Reply from Adrian Vovk, founder of carbonOS and contributor of GNOME OS :
It also lets us be the first and only general purpose Desktop Linux distro to cryptographically enforce the integrity of the whole OS. We are cryptographically immutable, which means we hash the whole OS and make sure it hasn’t been changed (of course, we do this more efficiently than the naive approach I’m describing here). This ties in with secure boot and the TPM, which ties into your disk encryption. If an attacker tampers with the OS, not only will it refuse to boot with secure boot on, but it will fail to decrypt your disks with secure boot off. As a user, of course, you’re in complete control to turn off these protections
Anyway, as far as I know we’re the only Desktop Linux distro that’s anywhere near as secure (on a platform and disk encryption level) as modern phone OSs, ChromeOS, or macOS.
it might actually be easier to deploy and enforce and repair the images too, than with Windows for example
bitlocker is a bit of a headache to oversee and requires manual intervention a lot, has various known bypasses, etc – the secure image lets you just check for changes, and redeploy (i would guess?)
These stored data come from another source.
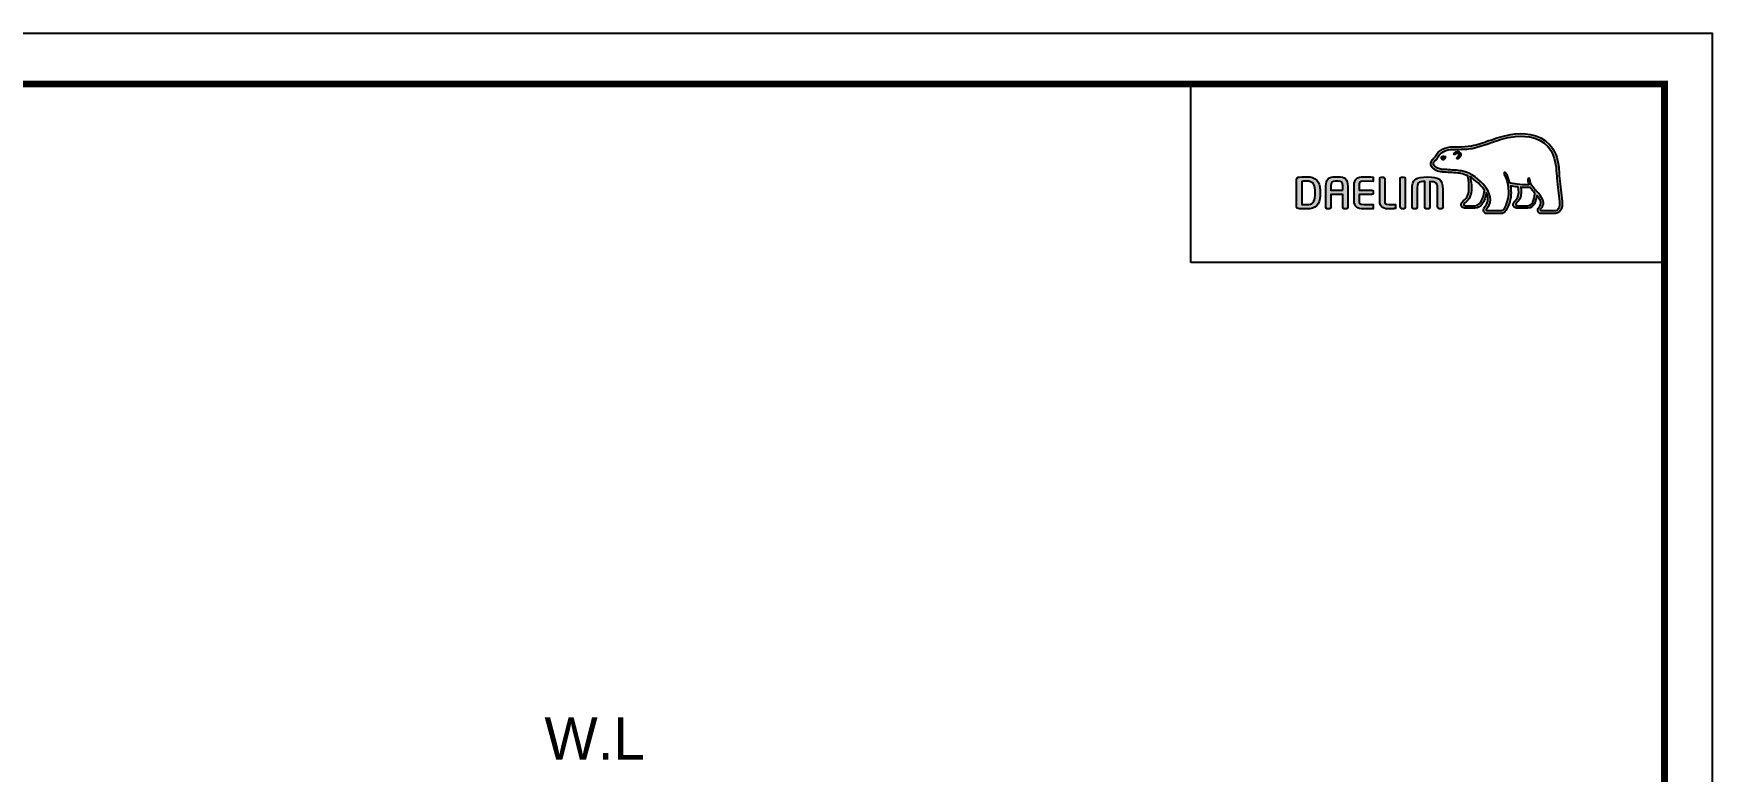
# Model space of a CAD drawing. Extents: x 4791 to 7950, y -233 to 2082.
# Drawn here: x 6161 to 7950, y 1296 to 2082 of the extents above; entities that cross this region are included whole.
import ezdxf

# ---------------------------------------------------------------- set-up
doc = ezdxf.new("R2010")
doc.units = 0
doc.header["$LTSCALE"] = 1.7
doc.header["$MEASUREMENT"] = 0
doc.layers.get('0').update_dxf_attribs({"linetype": 'CONTINUOUS'})
doc.layers.add('레이어 1', color=7, linetype='CONTINUOUS')
doc.layers.add('치수선', color=7, linetype='CONTINUOUS', lineweight=20)
doc.styles.add('Daelim Dimension', font='')
doc.styles.get('Daelim Dimension').set_extended_font_data('나눔고딕')

msp = doc.modelspace()

# ---------------------------------------------------------------- hatches: boundary and pattern name
at = {"layer": '레이어 1'}
h = msp.add_hatch(color=5, dxfattribs=at)
h.dxf.hatch_style = 1
edge = h.paths.add_edge_path(flags=16)
edge.add_spline(control_points=[(7785.7, 1894.4), (7784.4, 1892.9), (7782.6, 1892.9), (7782.6, 1892.9), (7782.6, 1892.9), (7768.7, 1892.9), (7768.7, 1892.9), (7768.2, 1892.9), (7767.8, 1893), (7767.5, 1893.3), (7767.3, 1893.5), (7767.2, 1893.8), (7767.2, 1894.2), (7767.2, 1895), (7767.8, 1895.7), (7768.4, 1896.4), (7769, 1897.2), (7769.5, 1897.9), (7769.8, 1898.7), (7770.6, 1900.7), (7770.5, 1902.9), (7769.6, 1904.8), (7767.9, 1908.3), (7765.5, 1911), (7763.2, 1913.7), (7763.2, 1913.7), (7762.4, 1914.5), (7762.4, 1914.6), (7759.3, 1918), (7756.1, 1921.5), (7755.9, 1926.3), (7755.8, 1927.2), (7755.4, 1927.8), (7754.8, 1927.8), (7754.8, 1927.8), (7753.9, 1927.3), (7753.9, 1927.3), (7753.6, 1927.1), (7753.5, 1926.7), (7753.5, 1926.2), (7753.5, 1926.2), (7753.5, 1926), (7753.5, 1926), (7753.6, 1924.3), (7754, 1922.6), (7754.8, 1920.9), (7754.8, 1920.9), (7754.8, 1920.7), (7754.8, 1920.7), (7754.8, 1920.7), (7754.6, 1920.7), (7754.6, 1920.7), (7745.8, 1920.3), (7737, 1922), (7734.5, 1922.6), (7732.9, 1929), (7730.3, 1933.2), (7730.2, 1933.4), (7730, 1933.7), (7729.7, 1934), (7729.4, 1934.1), (7729.4, 1934.1), (7728.6, 1933.9), (7728.5, 1933.9), (7728.5, 1933.8), (7728.3, 1933.7), (7728.1, 1933.3), (7728.1, 1933.3), (7728, 1933), (7728, 1933), (7728, 1933), (7728.3, 1932.1), (7728.3, 1932.1), (7728.5, 1931.8), (7733, 1923.8), (7733, 1913.2), (7733, 1906.6), (7731.3, 1900.5), (7727.9, 1894.9), (7727.1, 1893.5), (7726, 1892.9), (7724.4, 1892.9), (7724.4, 1892.9), (7710.8, 1892.9), (7710.8, 1892.9), (7710.3, 1892.9), (7709.4, 1893.2), (7709.4, 1894.2), (7709.4, 1894.8), (7709.9, 1895.6), (7710.7, 1896.6), (7716.4, 1902.9), (7713.1, 1912.8), (7707.7, 1919.4), (7702.4, 1925.6), (7693.8, 1933.6), (7682.8, 1935.5), (7678.8, 1936.2), (7672.4, 1936.6), (7667.2, 1936.9), (7667.2, 1936.9), (7661.9, 1937.2), (7661.9, 1937.2), (7659.3, 1937.4), (7654.8, 1939.1), (7653.4, 1941.6), (7652.9, 1942.7), (7652.9, 1943.8), (7653.6, 1945), (7654.1, 1945.8), (7654.7, 1946.4), (7655.5, 1947.2), (7656.4, 1948.1), (7657.3, 1949), (7657.9, 1950.2), (7657.9, 1950.2), (7658.1, 1950.6), (7658.1, 1950.6), (7660.8, 1955.6), (7666.2, 1958.3), (7674.3, 1958.5), (7674.3, 1958.5), (7678.9, 1958.5), (7678.9, 1958.5), (7683.9, 1958.6), (7689.6, 1958.6), (7694.2, 1959.6), (7700.8, 1961), (7707.4, 1963.2), (7713.2, 1965.2), (7713.2, 1965.2), (7713.4, 1965.3), (7713.4, 1965.3), (7720.5, 1967.7), (7728, 1970.3), (7735.6, 1971.5), (7747.7, 1973.5), (7764.4, 1973.5), (7774.9, 1961.7), (7779.7, 1956.2), (7782.7, 1948.7), (7783.7, 1939.4), (7783.7, 1939.4), (7783.7, 1939.4), (7783.7, 1939.4), (7783.8, 1939.2), (7783.8, 1938.2), (7784.3, 1932.3), (7784.4, 1929.4), (7784.5, 1926.4), (7785.3, 1921), (7785.3, 1921), (7787.4, 1902.6), (7787.4, 1902.6), (7787.4, 1902.6), (7787.5, 1900.4), (7787.5, 1900.4), (7787.5, 1897.7), (7786.9, 1895.7), (7785.7, 1894.4)], knot_values=[0, 0, 0, 0, 1, 1, 1, 2, 2, 2, 3, 3, 3, 4, 4, 4, 5, 5, 5, 6, 6, 6, 7, 7, 7, 8, 8, 8, 9, 9, 9, 10, 10, 10, 11, 11, 11, 12, 12, 12, 13, 13, 13, 14, 14, 14, 15, 15, 15, 16, 16, 16, 17, 17, 17, 18, 18, 18, 19, 19, 19, 20, 20, 20, 21, 21, 21, 22, 22, 22, 23, 23, 23, 24, 24, 24, 25, 25, 25, 26, 26, 26, 27, 27, 27, 28, 28, 28, 29, 29, 29, 30, 30, 30, 31, 31, 31, 32, 32, 32, 33, 33, 33, 34, 34, 34, 35, 35, 35, 36, 36, 36, 37, 37, 37, 38, 38, 38, 39, 39, 39, 40, 40, 40, 41, 41, 41, 42, 42, 42, 43, 43, 43, 44, 44, 44, 45, 45, 45, 46, 46, 46, 47, 47, 47, 48, 48, 48, 49, 49, 49, 50, 50, 50, 51, 51, 51, 52, 52, 52, 53, 53, 53, 53], degree=3, periodic=0)
edge = h.paths.add_edge_path(flags=16)
edge.add_spline(control_points=[(7753.7, 1898.4), (7753.7, 1898.4), (7742.4, 1898.4), (7742.4, 1898.4), (7741.6, 1898.4), (7740.9, 1899.1), (7740.9, 1899.9), (7740.9, 1900.5), (7741.4, 1901.3), (7741.9, 1901.8), (7744.2, 1904), (7746.6, 1907), (7746.6, 1912.8), (7746.6, 1912.8), (7746.4, 1915.4), (7746.4, 1915.4), (7746.4, 1915.4), (7746, 1917.9), (7746, 1917.9), (7746, 1917.9), (7746, 1918.1), (7746, 1918.1), (7746, 1918.1), (7746.1, 1918.1), (7746.1, 1918.1), (7748.2, 1917.9), (7752.3, 1917.7), (7756.3, 1917.9), (7757.3, 1916.3), (7758.9, 1914.3), (7761.2, 1911.6), (7761.1, 1910.2), (7760, 1898.4), (7753.7, 1898.4)], knot_values=[0, 0, 0, 0, 1, 1, 1, 2, 2, 2, 3, 3, 3, 4, 4, 4, 5, 5, 5, 6, 6, 6, 7, 7, 7, 8, 8, 8, 9, 9, 9, 10, 10, 10, 11, 11, 11, 11], degree=3, periodic=0)
edge = h.paths.add_edge_path(flags=16)
edge.add_spline(control_points=[(7697, 1898.4), (7697, 1898.4), (7687, 1898.4), (7687, 1898.4), (7686.3, 1898.4), (7685.5, 1899), (7685.5, 1899.9), (7685.5, 1900.5), (7686, 1901.2), (7686.8, 1901.8), (7689.3, 1903.8), (7693.1, 1906.9), (7693.5, 1915.2), (7693.5, 1915.2), (7693.6, 1917.5), (7693.6, 1917.5), (7693.6, 1921.1), (7692.8, 1925.3), (7692, 1929.2), (7692, 1929.2), (7691.9, 1929.6), (7691.9, 1929.6), (7691.9, 1929.6), (7692.2, 1929.3), (7692.2, 1929.3), (7693.7, 1928.4), (7701.8, 1922.9), (7707.5, 1914.8), (7707.1, 1911), (7704.9, 1898.4), (7697, 1898.4)], knot_values=[0, 0, 0, 0, 1, 1, 1, 2, 2, 2, 3, 3, 3, 4, 4, 4, 5, 5, 5, 6, 6, 6, 7, 7, 7, 8, 8, 8, 9, 9, 9, 10, 10, 10, 10], degree=3, periodic=0)
edge = h.paths.add_edge_path()
edge.add_spline(control_points=[(7790.2, 1902.9), (7790.2, 1902.9), (7788.1, 1921.3), (7788.1, 1921.3), (7787.3, 1926.8), (7787.2, 1929.8), (7787.1, 1932.4), (7787.1, 1932.4), (7786.6, 1939.7), (7786.6, 1939.7), (7785.5, 1949.6), (7782.2, 1957.7), (7777, 1963.5), (7765.6, 1976.3), (7747.9, 1976.4), (7735.1, 1974.3), (7727.2, 1973), (7719.7, 1970.4), (7712.4, 1967.9), (7712.4, 1967.9), (7712.1, 1967.8), (7712.1, 1967.8), (7706.4, 1965.9), (7700, 1963.7), (7693.6, 1962.3), (7689.3, 1961.4), (7683.8, 1961.4), (7679, 1961.3), (7679, 1961.3), (7674.2, 1961.3), (7674.2, 1961.3), (7665, 1961), (7658.8, 1957.9), (7655.6, 1951.8), (7655.6, 1951.8), (7655.5, 1951.6), (7655.5, 1951.6), (7655, 1950.7), (7654.2, 1949.9), (7653.5, 1949.2), (7652.7, 1948.4), (7651.9, 1947.6), (7651.2, 1946.4), (7650.6, 1945.3), (7650.2, 1944.2), (7650.2, 1943.1), (7650.2, 1942.1), (7650.5, 1941.2), (7650.9, 1940.3), (7652.9, 1936.7), (7658.5, 1934.7), (7661.8, 1934.4), (7661.8, 1934.4), (7666.7, 1934.1), (7666.8, 1934.1), (7671.7, 1933.8), (7678.3, 1933.5), (7682.3, 1932.8), (7684.5, 1932.4), (7687.1, 1931.5), (7689.5, 1930.4), (7689.7, 1929.8), (7690.9, 1924.3), (7690.9, 1917.5), (7690.9, 1917.5), (7690.9, 1915.3), (7690.9, 1915.3), (7690.5, 1908.2), (7687.4, 1905.7), (7685.1, 1903.9), (7684.9, 1903.7), (7682.8, 1902), (7682.7, 1899.9), (7682.6, 1898.8), (7682.9, 1897.7), (7683.6, 1897), (7684.4, 1896.2), (7685.5, 1895.8), (7687, 1895.8), (7687, 1895.8), (7697, 1895.8), (7697, 1895.8), (7704.4, 1895.8), (7708.1, 1903.8), (7709.2, 1911.3), (7709.2, 1911.3), (7709.2, 1912.3), (7709.2, 1912.3), (7709.2, 1912.3), (7709.5, 1911.8), (7709.5, 1911.8), (7710.5, 1909.7), (7711, 1907.1), (7711, 1905.2), (7711, 1902.5), (7710.2, 1900.2), (7708.6, 1898.5), (7708.2, 1898.1), (7706.3, 1896), (7706.3, 1893.9), (7706.3, 1893.9), (7706.3, 1893.6), (7706.3, 1893.6), (7706.6, 1891.2), (7708.5, 1890.1), (7710.3, 1890.1), (7710.3, 1890.1), (7724.4, 1890.1), (7724.4, 1890.1), (7727, 1890.1), (7729, 1891.2), (7730.3, 1893.4), (7733.9, 1899.4), (7735.7, 1905.8), (7735.7, 1912.6), (7735.7, 1914.8), (7735.5, 1917), (7735.1, 1919.4), (7735.1, 1919.4), (7735.1, 1919.6), (7735.1, 1919.6), (7735.1, 1919.6), (7735.3, 1919.5), (7735.3, 1919.5), (7737, 1919.2), (7739.7, 1918.7), (7743.1, 1918.4), (7743.1, 1918.4), (7743.2, 1918.3), (7743.2, 1918.3), (7743.2, 1918.3), (7743.6, 1915.8), (7743.6, 1915.8), (7743.6, 1915.8), (7743.7, 1915.1), (7743.7, 1915.1), (7743.7, 1915.1), (7743.9, 1912.8), (7743.9, 1912.8), (7743.9, 1907.4), (7741.4, 1905), (7740, 1903.7), (7740, 1903.7), (7738.2, 1901.8), (7738, 1900.1), (7738, 1900.1), (7737.9, 1899.6), (7737.9, 1899.6), (7737.9, 1899), (7738, 1898), (7739, 1897), (7739.8, 1896.2), (7741, 1895.8), (7742.7, 1895.8), (7742.7, 1895.8), (7753.7, 1895.8), (7753.7, 1895.8), (7760.4, 1895.8), (7762.4, 1904.2), (7763.2, 1909), (7763.2, 1909), (7763.2, 1909.5), (7763.2, 1909.5), (7763.2, 1909.5), (7763.5, 1909.1), (7763.5, 1909.1), (7765, 1907.2), (7766.4, 1905), (7767, 1903.6), (7767.4, 1902.9), (7767.6, 1902.1), (7767.6, 1901.3), (7767.6, 1901.3), (7767.3, 1899.8), (7767.3, 1899.8), (7767, 1898.9), (7766.5, 1898.1), (7765.9, 1897.3), (7765, 1896.2), (7764.2, 1895.1), (7764.2, 1893.7), (7764.2, 1893.7), (7764.2, 1892.9), (7764.2, 1892.9), (7764.6, 1891.1), (7766.1, 1890.1), (7768.4, 1890.1), (7768.4, 1890.1), (7782.5, 1890.1), (7782.5, 1890.1), (7782.9, 1890.1), (7785.6, 1890.2), (7787.8, 1892.5), (7789.5, 1894.4), (7790.3, 1896.9), (7790.3, 1900.3), (7790.3, 1900.3), (7790.2, 1902.9), (7790.2, 1902.9)], knot_values=[0, 0, 0, 0, 1, 1, 1, 2, 2, 2, 3, 3, 3, 4, 4, 4, 5, 5, 5, 6, 6, 6, 7, 7, 7, 8, 8, 8, 9, 9, 9, 10, 10, 10, 11, 11, 11, 12, 12, 12, 13, 13, 13, 14, 14, 14, 15, 15, 15, 16, 16, 16, 17, 17, 17, 18, 18, 18, 19, 19, 19, 20, 20, 20, 21, 21, 21, 22, 22, 22, 23, 23, 23, 24, 24, 24, 25, 25, 25, 26, 26, 26, 27, 27, 27, 28, 28, 28, 29, 29, 29, 30, 30, 30, 31, 31, 31, 32, 32, 32, 33, 33, 33, 34, 34, 34, 35, 35, 35, 36, 36, 36, 37, 37, 37, 38, 38, 38, 39, 39, 39, 40, 40, 40, 41, 41, 41, 42, 42, 42, 43, 43, 43, 44, 44, 44, 45, 45, 45, 46, 46, 46, 47, 47, 47, 48, 48, 48, 49, 49, 49, 50, 50, 50, 51, 51, 51, 52, 52, 52, 53, 53, 53, 54, 54, 54, 55, 55, 55, 56, 56, 56, 57, 57, 57, 58, 58, 58, 59, 59, 59, 60, 60, 60, 61, 61, 61, 62, 62, 62, 63, 63, 63, 64, 64, 64, 65, 65, 65, 66, 66, 66, 66], degree=3, periodic=0)
edge = h.paths.add_edge_path(flags=0)
edge.add_spline(control_points=[(7661.5, 1950.5), (7661.5, 1950.5), (7663.6, 1951.5), (7666.1, 1950.5), (7666.1, 1950.5), (7666.4, 1950.3), (7666, 1949.8), (7664.8, 1948.1), (7663.6, 1947.7), (7663.6, 1947.7), (7663.6, 1947.7), (7662.7, 1947.4), (7662.2, 1948), (7661.2, 1949.2), (7661.2, 1949.9), (7661.2, 1949.9), (7661.2, 1949.9), (7661.1, 1950.4), (7661.5, 1950.5)], knot_values=[0, 0, 0, 0, 1, 1, 1, 2, 2, 2, 3, 3, 3, 4, 4, 4, 5, 5, 5, 6, 6, 6, 6], degree=3, periodic=0)
edge = h.paths.add_edge_path(flags=0)
edge.add_spline(control_points=[(7675.1, 1954.3), (7674.8, 1954), (7674.8, 1953.4), (7675.1, 1953.1), (7675.4, 1952.8), (7675.9, 1952.9), (7676.3, 1953.2), (7676.4, 1953.4), (7678.1, 1955.4), (7679.6, 1954.4), (7680.1, 1954), (7680.3, 1953.5), (7680.2, 1952.8), (7680.1, 1951.6), (7679.1, 1950.4), (7678.5, 1949.9), (7678.1, 1949.7), (7677.8, 1949.2), (7678, 1948.8), (7678.2, 1948.4), (7678.7, 1948.3), (7679.1, 1948.5), (7680.3, 1949.1), (7681.9, 1951), (7682.1, 1952.8), (7682.2, 1954.1), (7681.6, 1955.1), (7680.6, 1955.8), (7678.5, 1957.3), (7676, 1955.3), (7675.1, 1954.3)], knot_values=[0, 0, 0, 0, 1, 1, 1, 2, 2, 2, 3, 3, 3, 4, 4, 4, 5, 5, 5, 6, 6, 6, 7, 7, 7, 8, 8, 8, 9, 9, 9, 10, 10, 10, 10], degree=3, periodic=0)
edge = h.paths.add_edge_path(flags=0)
edge.add_spline(control_points=[(7674.8, 1952.8), (7674.8, 1952.8), (7674.8, 1952.8), (7674.8, 1952.8), (7674.8, 1952.8), (7674.8, 1952.8), (7674.8, 1952.8)], knot_values=[0, 0, 0, 0, 1, 1, 1, 2, 2, 2, 2], degree=3, periodic=0)
h = msp.add_hatch(color=5, dxfattribs=at)
h.dxf.hatch_style = 2
edge = h.paths.add_edge_path()
edge.add_spline(control_points=[(7661.5, 1950.5), (7661.5, 1950.5), (7663.6, 1951.5), (7666.1, 1950.5), (7666.1, 1950.5), (7666.4, 1950.3), (7666, 1949.8), (7664.8, 1948.1), (7663.6, 1947.7), (7663.6, 1947.7), (7663.6, 1947.7), (7662.7, 1947.4), (7662.2, 1948), (7661.2, 1949.2), (7661.2, 1949.9), (7661.2, 1949.9), (7661.2, 1949.9), (7661.1, 1950.4), (7661.5, 1950.5)], knot_values=[0, 0, 0, 0, 1, 1, 1, 2, 2, 2, 3, 3, 3, 4, 4, 4, 5, 5, 5, 6, 6, 6, 6], degree=3, periodic=0)
h = msp.add_hatch(color=5, dxfattribs=at)
h.dxf.hatch_style = 2
edge = h.paths.add_edge_path()
edge.add_spline(control_points=[(7675.1, 1954.3), (7674.8, 1954), (7674.8, 1953.4), (7675.1, 1953.1), (7675.4, 1952.8), (7675.9, 1952.9), (7676.3, 1953.2), (7676.4, 1953.4), (7678.1, 1955.4), (7679.6, 1954.4), (7680.1, 1954), (7680.3, 1953.5), (7680.2, 1952.8), (7680.1, 1951.6), (7679.1, 1950.4), (7678.5, 1949.9), (7678.1, 1949.7), (7677.8, 1949.2), (7678, 1948.8), (7678.2, 1948.4), (7678.7, 1948.3), (7679.1, 1948.5), (7680.3, 1949.1), (7681.9, 1951), (7682.1, 1952.8), (7682.2, 1954.1), (7681.6, 1955.1), (7680.6, 1955.8), (7678.5, 1957.3), (7676, 1955.3), (7675.1, 1954.3)], knot_values=[0, 0, 0, 0, 1, 1, 1, 2, 2, 2, 3, 3, 3, 4, 4, 4, 5, 5, 5, 6, 6, 6, 7, 7, 7, 8, 8, 8, 9, 9, 9, 10, 10, 10, 10], degree=3, periodic=0)
h = msp.add_hatch(color=5, dxfattribs=at)
h.dxf.hatch_style = 2
edge = h.paths.add_edge_path()
edge.add_spline(control_points=[(7526.8, 1909.2), (7526.8, 1902.7), (7523.9, 1899.6), (7517.9, 1899.6), (7517.9, 1899.6), (7513.7, 1899.7), (7512.6, 1899.7), (7512.6, 1899.7), (7512.6, 1924.4), (7512.6, 1924.4), (7514.8, 1924.6), (7517.8, 1924.6), (7517.9, 1924.6), (7524.1, 1924.6), (7526.8, 1921.7), (7526.8, 1915.1), (7526.8, 1915.1), (7526.8, 1909.2), (7526.8, 1909.2)], knot_values=[0, 0, 0, 0, 1, 1, 1, 2, 2, 2, 3, 3, 3, 4, 4, 4, 5, 5, 5, 6, 6, 6, 6], degree=3, periodic=0)
edge = h.paths.add_edge_path()
edge.add_spline(control_points=[(7517.9, 1929.3), (7514.5, 1929.3), (7510.1, 1929.1), (7508.7, 1928.8), (7507.8, 1928.7), (7507.2, 1928), (7507.2, 1927.1), (7507.2, 1927.1), (7507.2, 1897.1), (7507.2, 1897.1), (7507.2, 1896.2), (7507.8, 1895.5), (7508.8, 1895.4), (7510.1, 1895.2), (7514.4, 1895), (7517.9, 1895), (7527.2, 1895), (7532.2, 1899.9), (7532.2, 1909.2), (7532.2, 1909.2), (7532.2, 1915.1), (7532.2, 1915.1), (7532.2, 1924.4), (7527.2, 1929.3), (7517.9, 1929.3)], knot_values=[0, 0, 0, 0, 1, 1, 1, 2, 2, 2, 3, 3, 3, 4, 4, 4, 5, 5, 5, 6, 6, 6, 7, 7, 7, 8, 8, 8, 8], degree=3, periodic=0)
h = msp.add_hatch(color=5, dxfattribs=at)
h.dxf.hatch_style = 2
edge = h.paths.add_edge_path()
edge.add_spline(control_points=[(7556.4, 1915.1), (7556.4, 1915.1), (7543.7, 1915.1), (7543.7, 1915.1), (7543.7, 1915.6), (7543.7, 1919.6), (7543.7, 1919.6), (7543.7, 1923.8), (7545, 1924.5), (7548.7, 1924.5), (7548.7, 1924.5), (7551.3, 1924.5), (7551.3, 1924.5), (7555.1, 1924.5), (7556.4, 1923.8), (7556.4, 1919.6), (7556.4, 1919.6), (7556.4, 1915.6), (7556.4, 1915.1)], knot_values=[0, 0, 0, 0, 1, 1, 1, 2, 2, 2, 3, 3, 3, 4, 4, 4, 5, 5, 5, 6, 6, 6, 6], degree=3, periodic=0)
edge = h.paths.add_edge_path()
edge.add_spline(control_points=[(7551.3, 1929.3), (7551.3, 1929.3), (7548.7, 1929.3), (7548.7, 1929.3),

this is a thing i was thinking about recently as i was reading about microsofts solution to the downgrade attacks (downgrading installed windows updates), their solution is like some kind of hardware tpm based uefi lock that essentially renders the machine unbootable if any modifications are made. although i guess this is secure, its not really the ideal outcome if hundreds of my machines become compromised. i now have to manually re-image them all? ugh
the default-to-fail security model is not ideal but microsoft has very much pushed it as the solution to something ‘well if the computer crashes its safe’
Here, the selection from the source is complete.